___ Dataset entries
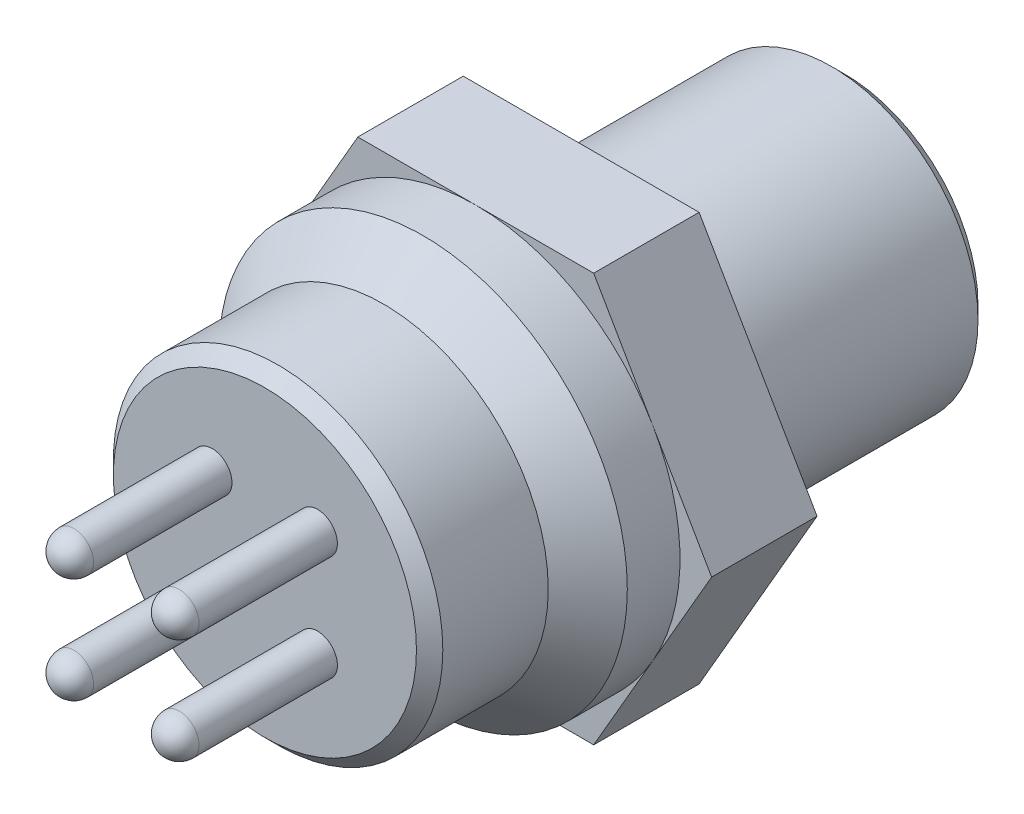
ISO-10303-21;
HEADER;
FILE_DESCRIPTION(('STEP AP214'),'2;1');
FILE_NAME('part.step','',(''),(''),'','','');
FILE_SCHEMA(('AUTOMOTIVE_DESIGN { 1 0 10303 214 1 1 1 1 }'));
ENDSEC;
DATA;
#1=APPLICATION_CONTEXT('core data for automotive mechanical design processes');
#2=APPLICATION_PROTOCOL_DEFINITION('international standard','automotive_design',2000,#1);
#3=PRODUCT_CONTEXT('',#1,'mechanical');
#4=PRODUCT('Part','Part','',(#3));
#5=PRODUCT_RELATED_PRODUCT_CATEGORY('part','',(#4));
#6=PRODUCT_DEFINITION_FORMATION('','',#4);
#7=PRODUCT_DEFINITION_CONTEXT('part definition',#1,'design');
#8=PRODUCT_DEFINITION('design','',#6,#7);
#9=PRODUCT_DEFINITION_SHAPE('','',#8);
#10=(LENGTH_UNIT() NAMED_UNIT(*) SI_UNIT(.MILLI.,.METRE.));
#11=(NAMED_UNIT(*) PLANE_ANGLE_UNIT() SI_UNIT($,.RADIAN.));
#12=(NAMED_UNIT(*) SI_UNIT($,.STERADIAN.) SOLID_ANGLE_UNIT());
#13=UNCERTAINTY_MEASURE_WITH_UNIT(LENGTH_MEASURE(1.E-05),#10,'distance_accuracy_value','');
#14=(GEOMETRIC_REPRESENTATION_CONTEXT(3) GLOBAL_UNCERTAINTY_ASSIGNED_CONTEXT((#13)) GLOBAL_UNIT_ASSIGNED_CONTEXT((#10,
#11,#12)) REPRESENTATION_CONTEXT('',''));
#15=CARTESIAN_POINT('',(0.,0.,0.));
#16=DIRECTION('',(0.,0.,1.));
#17=DIRECTION('',(1.,0.,0.));
#18=AXIS2_PLACEMENT_3D('',#15,#16,#17);
#19=CARTESIAN_POINT('',(4.4744645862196,-7.75,10.));
#20=DIRECTION('',(0.,0.,-1.));
#21=DIRECTION('',(-1.,0.,0.));
#22=AXIS2_PLACEMENT_3D('',#19,#20,#21);
#23=PLANE('',#22);
#24=DIRECTION('',(0.5,0.866025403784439,0.));
#25=VECTOR('',#24,1.);
#26=CARTESIAN_POINT('',(4.4744645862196,-7.75,10.));
#27=LINE('',#26,#25);
#28=CARTESIAN_POINT('',(4.4744645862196,-7.75,10.));
#29=VERTEX_POINT('',#28);
#30=CARTESIAN_POINT('',(8.9489291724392,0.,10.));
#31=VERTEX_POINT('',#30);
#32=EDGE_CURVE('E134',#29,#31,#27,.T.);
#33=ORIENTED_EDGE('',*,*,#32,.F.);
#34=DIRECTION('',(1.,0.,0.));
#35=VECTOR('',#34,1.);
#36=CARTESIAN_POINT('',(-4.4744645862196,-7.75,10.));
#37=LINE('',#36,#35);
#38=CARTESIAN_POINT('',(-4.4744645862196,-7.75,10.));
#39=VERTEX_POINT('',#38);
#40=EDGE_CURVE('E155',#39,#29,#37,.T.);
#41=ORIENTED_EDGE('',*,*,#40,.F.);
#42=DIRECTION('',(0.5,-0.866025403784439,0.));
#43=VECTOR('',#42,1.);
#44=CARTESIAN_POINT('',(-8.9489291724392,0.,10.));
#45=LINE('',#44,#43);
#46=CARTESIAN_POINT('',(-8.9489291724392,0.,10.));
#47=VERTEX_POINT('',#46);
#48=EDGE_CURVE('E153',#47,#39,#45,.T.);
#49=ORIENTED_EDGE('',*,*,#48,.F.);
#50=DIRECTION('',(-0.5,-0.866025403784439,0.));
#51=VECTOR('',#50,1.);
#52=CARTESIAN_POINT('',(-4.4744645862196,7.75,10.));
#53=LINE('',#52,#51);
#54=CARTESIAN_POINT('',(-4.4744645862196,7.75,10.));
#55=VERTEX_POINT('',#54);
#56=EDGE_CURVE('E151',#55,#47,#53,.T.);
#57=ORIENTED_EDGE('',*,*,#56,.F.);
#58=DIRECTION('',(-1.,0.,0.));
#59=VECTOR('',#58,1.);
#60=CARTESIAN_POINT('',(4.4744645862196,7.75,10.));
#61=LINE('',#60,#59);
#62=CARTESIAN_POINT('',(4.4744645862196,7.75,10.));
#63=VERTEX_POINT('',#62);
#64=EDGE_CURVE('E149',#63,#55,#61,.T.);
#65=ORIENTED_EDGE('',*,*,#64,.F.);
#66=DIRECTION('',(-0.5,0.866025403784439,0.));
#67=VECTOR('',#66,1.);
#68=CARTESIAN_POINT('',(8.9489291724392,0.,10.));
#69=LINE('',#68,#67);
#70=EDGE_CURVE('E147',#31,#63,#69,.T.);
#71=ORIENTED_EDGE('',*,*,#70,.F.);
#72=EDGE_LOOP('',(#33,#41,#49,#57,#65,#71));
#73=FACE_BOUND('',#72,.T.);
#74=CARTESIAN_POINT('',(0.,0.,10.));
#75=DIRECTION('',(0.,0.,1.));
#76=DIRECTION('',(0.,-1.,0.));
#77=AXIS2_PLACEMENT_3D('',#74,#75,#76);
#78=CIRCLE('',#77,7.);
#79=CARTESIAN_POINT('',(0.,-7.,10.));
#80=VERTEX_POINT('',#79);
#81=EDGE_CURVE('E290',#80,#80,#78,.T.);
#82=ORIENTED_EDGE('',*,*,#81,.T.);
#83=EDGE_LOOP('',(#82));
#84=FACE_BOUND('',#83,.T.);
#85=ADVANCED_FACE('F34',(#73,#84),#23,.T.);
#86=CARTESIAN_POINT('',(0.,0.,22.));
#87=DIRECTION('',(0.,0.,-1.));
#88=DIRECTION('',(-1.,0.,0.));
#89=AXIS2_PLACEMENT_3D('',#86,#87,#88);
#90=CYLINDRICAL_SURFACE('',#89,7.75);
#91=CARTESIAN_POINT('',(0.,0.,14.));
#92=DIRECTION('',(0.,0.,1.));
#93=DIRECTION('',(1.,0.,0.));
#94=AXIS2_PLACEMENT_3D('',#91,#92,#93);
#95=CIRCLE('',#94,7.75);
#96=CARTESIAN_POINT('',(6.7116968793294,3.875,14.));
#97=VERTEX_POINT('',#96);
#98=CARTESIAN_POINT('',(0.,7.75,14.));
#99=VERTEX_POINT('',#98);
#100=EDGE_CURVE('E129',#97,#99,#95,.T.);
#101=ORIENTED_EDGE('',*,*,#100,.T.);
#102=CARTESIAN_POINT('',(-6.7116968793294,3.875,14.));
#103=VERTEX_POINT('',#102);
#104=EDGE_CURVE('E137',#99,#103,#95,.T.);
#105=ORIENTED_EDGE('',*,*,#104,.T.);
#106=CARTESIAN_POINT('',(-6.7116968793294,-3.875,14.));
#107=VERTEX_POINT('',#106);
#108=EDGE_CURVE('E578',#103,#107,#95,.T.);
#109=ORIENTED_EDGE('',*,*,#108,.T.);
#110=CARTESIAN_POINT('',(0.,-7.75,14.));
#111=VERTEX_POINT('',#110);
#112=EDGE_CURVE('E57',#107,#111,#95,.T.);
#113=ORIENTED_EDGE('',*,*,#112,.T.);
#114=CARTESIAN_POINT('',(6.7116968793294,-3.875,14.));
#115=VERTEX_POINT('',#114);
#116=EDGE_CURVE('E49',#111,#115,#95,.T.);
#117=ORIENTED_EDGE('',*,*,#116,.T.);
#118=EDGE_CURVE('E110',#115,#97,#95,.T.);
#119=ORIENTED_EDGE('',*,*,#118,.T.);
#120=EDGE_LOOP('',(#101,#105,#109,#113,#117,#119));
#121=FACE_BOUND('',#120,.T.);
#122=CARTESIAN_POINT('',(0.,0.,16.));
#123=DIRECTION('',(0.,0.,1.));
#124=DIRECTION('',(1.,0.,0.));
#125=AXIS2_PLACEMENT_3D('',#122,#123,#124);
#126=CIRCLE('',#125,7.75);
#127=CARTESIAN_POINT('',(7.75,0.,16.));
#128=VERTEX_POINT('',#127);
#129=EDGE_CURVE('E196',#128,#128,#126,.T.);
#130=ORIENTED_EDGE('',*,*,#129,.F.);
#131=EDGE_LOOP('',(#130));
#132=FACE_BOUND('',#131,.T.);
#133=ADVANCED_FACE('F138',(#121,#132),#90,.T.);
#134=CARTESIAN_POINT('',(4.4744645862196,-7.75,14.));
#135=DIRECTION('',(0.,0.,-1.));
#136=DIRECTION('',(-1.,0.,0.));
#137=AXIS2_PLACEMENT_3D('',#134,#135,#136);
#138=PLANE('',#137);
#139=ORIENTED_EDGE('',*,*,#100,.F.);
#140=DIRECTION('',(-0.5,0.866025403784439,0.));
#141=VECTOR('',#140,1.);
#142=CARTESIAN_POINT('',(8.9489291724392,0.,14.));
#143=LINE('',#142,#141);
#144=CARTESIAN_POINT('',(4.4744645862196,7.75,14.));
#145=VERTEX_POINT('',#144);
#146=EDGE_CURVE('E117',#97,#145,#143,.T.);
#147=ORIENTED_EDGE('',*,*,#146,.T.);
#148=DIRECTION('',(-1.,0.,0.));
#149=VECTOR('',#148,1.);
#150=CARTESIAN_POINT('',(4.4744645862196,7.75,14.));
#151=LINE('',#150,#149);
#152=EDGE_CURVE('E131',#145,#99,#151,.T.);
#153=ORIENTED_EDGE('',*,*,#152,.T.);
#154=EDGE_LOOP('',(#139,#147,#153));
#155=FACE_BOUND('',#154,.T.);
#156=ADVANCED_FACE('F130',(#155),#138,.F.);
#157=ORIENTED_EDGE('',*,*,#104,.F.);
#158=CARTESIAN_POINT('',(-4.4744645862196,7.75,14.));
#159=VERTEX_POINT('',#158);
#160=EDGE_CURVE('E116',#99,#159,#151,.T.);
#161=ORIENTED_EDGE('',*,*,#160,.T.);
#162=DIRECTION('',(-0.5,-0.866025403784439,0.));
#163=VECTOR('',#162,1.);
#164=CARTESIAN_POINT('',(-4.4744645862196,7.75,14.));
#165=LINE('',#164,#163);
#166=EDGE_CURVE('E160',#159,#103,#165,.T.);
#167=ORIENTED_EDGE('',*,*,#166,.T.);
#168=EDGE_LOOP('',(#157,#161,#167));
#169=FACE_BOUND('',#168,.T.);
#170=ADVANCED_FACE('F245',(#169),#138,.F.);
#171=ORIENTED_EDGE('',*,*,#108,.F.);
#172=CARTESIAN_POINT('',(-8.9489291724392,0.,14.));
#173=VERTEX_POINT('',#172);
#174=EDGE_CURVE('E159',#103,#173,#165,.T.);
#175=ORIENTED_EDGE('',*,*,#174,.T.);
#176=DIRECTION('',(0.5,-0.866025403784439,0.));
#177=VECTOR('',#176,1.);
#178=CARTESIAN_POINT('',(-8.9489291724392,0.,14.));
#179=LINE('',#178,#177);
#180=EDGE_CURVE('E164',#173,#107,#179,.T.);
#181=ORIENTED_EDGE('',*,*,#180,.T.);
#182=EDGE_LOOP('',(#171,#175,#181));
#183=FACE_BOUND('',#182,.T.);
#184=ADVANCED_FACE('F405',(#183),#138,.F.);
#185=ORIENTED_EDGE('',*,*,#112,.F.);
#186=CARTESIAN_POINT('',(-4.4744645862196,-7.75,14.));
#187=VERTEX_POINT('',#186);
#188=EDGE_CURVE('E163',#107,#187,#179,.T.);
#189=ORIENTED_EDGE('',*,*,#188,.T.);
#190=DIRECTION('',(1.,0.,0.));
#191=VECTOR('',#190,1.);
#192=CARTESIAN_POINT('',(-4.4744645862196,-7.75,14.));
#193=LINE('',#192,#191);
#194=EDGE_CURVE('E168',#187,#111,#193,.T.);
#195=ORIENTED_EDGE('',*,*,#194,.T.);
#196=EDGE_LOOP('',(#185,#189,#195));
#197=FACE_BOUND('',#196,.T.);
#198=ADVANCED_FACE('F399',(#197),#138,.F.);
#199=ORIENTED_EDGE('',*,*,#116,.F.);
#200=CARTESIAN_POINT('',(4.4744645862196,-7.75,14.));
#201=VERTEX_POINT('',#200);
#202=EDGE_CURVE('E167',#111,#201,#193,.T.);
#203=ORIENTED_EDGE('',*,*,#202,.T.);
#204=DIRECTION('',(0.5,0.866025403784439,0.));
#205=VECTOR('',#204,1.);
#206=CARTESIAN_POINT('',(4.4744645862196,-7.75,14.));
#207=LINE('',#206,#205);
#208=EDGE_CURVE('E127',#201,#115,#207,.T.);
#209=ORIENTED_EDGE('',*,*,#208,.T.);
#210=EDGE_LOOP('',(#199,#203,#209));
#211=FACE_BOUND('',#210,.T.);
#212=ADVANCED_FACE('F393',(#211),#138,.F.);
#213=ORIENTED_EDGE('',*,*,#118,.F.);
#214=CARTESIAN_POINT('',(8.9489291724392,0.,14.));
#215=VERTEX_POINT('',#214);
#216=EDGE_CURVE('E112',#115,#215,#207,.T.);
#217=ORIENTED_EDGE('',*,*,#216,.T.);
#218=EDGE_CURVE('E106',#215,#97,#143,.T.);
#219=ORIENTED_EDGE('',*,*,#218,.T.);
#220=EDGE_LOOP('',(#213,#217,#219));
#221=FACE_BOUND('',#220,.T.);
#222=ADVANCED_FACE('F108',(#221),#138,.F.);
#223=CARTESIAN_POINT('',(4.4744645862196,-7.75,14.));
#224=DIRECTION('',(-0.866025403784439,0.5,0.));
#225=DIRECTION('',(-0.5,-0.866025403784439,0.));
#226=AXIS2_PLACEMENT_3D('',#223,#224,#225);
#227=PLANE('',#226);
#228=ORIENTED_EDGE('',*,*,#32,.T.);
#229=DIRECTION('',(0.,0.,-1.));
#230=VECTOR('',#229,1.);
#231=CARTESIAN_POINT('',(8.9489291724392,0.,14.));
#232=LINE('',#231,#230);
#233=EDGE_CURVE('E140',#215,#31,#232,.T.);
#234=ORIENTED_EDGE('',*,*,#233,.F.);
#235=ORIENTED_EDGE('',*,*,#216,.F.);
#236=ORIENTED_EDGE('',*,*,#208,.F.);
#237=DIRECTION('',(0.,0.,-1.));
#238=VECTOR('',#237,1.);
#239=CARTESIAN_POINT('',(4.4744645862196,-7.75,14.));
#240=LINE('',#239,#238);
#241=EDGE_CURVE('E170',#201,#29,#240,.T.);
#242=ORIENTED_EDGE('',*,*,#241,.T.);
#243=EDGE_LOOP('',(#228,#234,#235,#236,#242));
#244=FACE_BOUND('',#243,.T.);
#245=ADVANCED_FACE('F265',(#244),#227,.F.);
#246=CARTESIAN_POINT('',(8.9489291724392,0.,14.));
#247=DIRECTION('',(-0.866025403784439,-0.5,0.));
#248=DIRECTION('',(0.5,-0.866025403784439,0.));
#249=AXIS2_PLACEMENT_3D('',#246,#247,#248);
#250=PLANE('',#249);
#251=ORIENTED_EDGE('',*,*,#70,.T.);
#252=DIRECTION('',(0.,0.,-1.));
#253=VECTOR('',#252,1.);
#254=CARTESIAN_POINT('',(4.4744645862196,7.75,14.));
#255=LINE('',#254,#253);
#256=EDGE_CURVE('E123',#145,#63,#255,.T.);
#257=ORIENTED_EDGE('',*,*,#256,.F.);
#258=ORIENTED_EDGE('',*,*,#146,.F.);
#259=ORIENTED_EDGE('',*,*,#218,.F.);
#260=ORIENTED_EDGE('',*,*,#233,.T.);
#261=EDGE_LOOP('',(#251,#257,#258,#259,#260));
#262=FACE_BOUND('',#261,.T.);
#263=ADVANCED_FACE('F121',(#262),#250,.F.);
#264=CARTESIAN_POINT('',(4.4744645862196,7.75,14.));
#265=DIRECTION('',(0.,-1.,0.));
#266=DIRECTION('',(1.,0.,0.));
#267=AXIS2_PLACEMENT_3D('',#264,#265,#266);
#268=PLANE('',#267);
#269=ORIENTED_EDGE('',*,*,#64,.T.);
#270=DIRECTION('',(0.,0.,-1.));
#271=VECTOR('',#270,1.);
#272=CARTESIAN_POINT('',(-4.4744645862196,7.75,14.));
#273=LINE('',#272,#271);
#274=EDGE_CURVE('E179',#159,#55,#273,.T.);
#275=ORIENTED_EDGE('',*,*,#274,.F.);
#276=ORIENTED_EDGE('',*,*,#160,.F.);
#277=ORIENTED_EDGE('',*,*,#152,.F.);
#278=ORIENTED_EDGE('',*,*,#256,.T.);
#279=EDGE_LOOP('',(#269,#275,#276,#277,#278));
#280=FACE_BOUND('',#279,.T.);
#281=ADVANCED_FACE('F258',(#280),#268,.F.);
#282=CARTESIAN_POINT('',(-4.4744645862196,7.75,14.));
#283=DIRECTION('',(0.866025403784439,-0.5,0.));
#284=DIRECTION('',(0.5,0.866025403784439,0.));
#285=AXIS2_PLACEMENT_3D('',#282,#283,#284);
#286=PLANE('',#285);
#287=ORIENTED_EDGE('',*,*,#56,.T.);
#288=DIRECTION('',(0.,0.,-1.));
#289=VECTOR('',#288,1.);
#290=CARTESIAN_POINT('',(-8.9489291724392,0.,14.));
#291=LINE('',#290,#289);
#292=EDGE_CURVE('E176',#173,#47,#291,.T.);
#293=ORIENTED_EDGE('',*,*,#292,.F.);
#294=ORIENTED_EDGE('',*,*,#174,.F.);
#295=ORIENTED_EDGE('',*,*,#166,.F.);
#296=ORIENTED_EDGE('',*,*,#274,.T.);
#297=EDGE_LOOP('',(#287,#293,#294,#295,#296));
#298=FACE_BOUND('',#297,.T.);
#299=ADVANCED_FACE('F254',(#298),#286,.F.);
#300=CARTESIAN_POINT('',(-8.9489291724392,0.,14.));
#301=DIRECTION('',(0.866025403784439,0.5,0.));
#302=DIRECTION('',(-0.5,0.866025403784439,0.));
#303=AXIS2_PLACEMENT_3D('',#300,#301,#302);
#304=PLANE('',#303);
#305=ORIENTED_EDGE('',*,*,#48,.T.);
#306=DIRECTION('',(0.,0.,-1.));
#307=VECTOR('',#306,1.);
#308=CARTESIAN_POINT('',(-4.4744645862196,-7.75,14.));
#309=LINE('',#308,#307);
#310=EDGE_CURVE('E173',#187,#39,#309,.T.);
#311=ORIENTED_EDGE('',*,*,#310,.F.);
#312=ORIENTED_EDGE('',*,*,#188,.F.);
#313=ORIENTED_EDGE('',*,*,#180,.F.);
#314=ORIENTED_EDGE('',*,*,#292,.T.);
#315=EDGE_LOOP('',(#305,#311,#312,#313,#314));
#316=FACE_BOUND('',#315,.T.);
#317=ADVANCED_FACE('F250',(#316),#304,.F.);
#318=CARTESIAN_POINT('',(-4.4744645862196,-7.75,14.));
#319=DIRECTION('',(0.,1.,0.));
#320=DIRECTION('',(-1.,0.,0.));
#321=AXIS2_PLACEMENT_3D('',#318,#319,#320);
#322=PLANE('',#321);
#323=ORIENTED_EDGE('',*,*,#40,.T.);
#324=ORIENTED_EDGE('',*,*,#241,.F.);
#325=ORIENTED_EDGE('',*,*,#202,.F.);
#326=ORIENTED_EDGE('',*,*,#194,.F.);
#327=ORIENTED_EDGE('',*,*,#310,.T.);
#328=EDGE_LOOP('',(#323,#324,#325,#326,#327));
#329=FACE_BOUND('',#328,.T.);
#330=ADVANCED_FACE('F246',(#329),#322,.F.);
#331=CARTESIAN_POINT('',(0.,0.,16.));
#332=DIRECTION('',(0.,0.,1.));
#333=DIRECTION('',(1.,0.,0.));
#334=AXIS2_PLACEMENT_3D('',#331,#332,#333);
#335=CYLINDRICAL_SURFACE('',#334,6.25);
#336=CARTESIAN_POINT('',(0.,0.,21.5));
#337=DIRECTION('',(0.,0.,1.));
#338=DIRECTION('',(1.,0.,0.));
#339=AXIS2_PLACEMENT_3D('',#336,#337,#338);
#340=CIRCLE('',#339,6.25);
#341=CARTESIAN_POINT('',(6.25,0.,21.5));
#342=VERTEX_POINT('',#341);
#343=EDGE_CURVE('E11',#342,#342,#340,.F.);
#344=ORIENTED_EDGE('',*,*,#343,.T.);
#345=EDGE_LOOP('',(#344));
#346=FACE_BOUND('',#345,.T.);
#347=CARTESIAN_POINT('',(0.,0.,17.5));
#348=DIRECTION('',(0.,0.,1.));
#349=DIRECTION('',(1.,0.,0.));
#350=AXIS2_PLACEMENT_3D('',#347,#348,#349);
#351=CIRCLE('',#350,6.25);
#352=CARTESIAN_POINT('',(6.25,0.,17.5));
______
The required result is the entries above, printed exactly from the first line through the line with "#9=PRODUCT_DEFINITION_SHAPE('','',#8);", pictures excluded.

- **Written answer**:
ISO-10303-21;
HEADER;
FILE_DESCRIPTION(('STEP AP214'),'2;1');
FILE_NAME('part.step','',(''),(''),'','','');
FILE_SCHEMA(('AUTOMOTIVE_DESIGN { 1 0 10303 214 1 1 1 1 }'));
ENDSEC;
DATA;
#1=APPLICATION_CONTEXT('core data for automotive mechanical design processes');
#2=APPLICATION_PROTOCOL_DEFINITION('international standard','automotive_design',2000,#1);
#3=PRODUCT_CONTEXT('',#1,'mechanical');
#4=PRODUCT('Part','Part','',(#3));
#5=PRODUCT_RELATED_PRODUCT_CATEGORY('part','',(#4));
#6=PRODUCT_DEFINITION_FORMATION('','',#4);
#7=PRODUCT_DEFINITION_CONTEXT('part definition',#1,'design');
#8=PRODUCT_DEFINITION('design','',#6,#7);
#9=PRODUCT_DEFINITION_SHAPE('','',#8);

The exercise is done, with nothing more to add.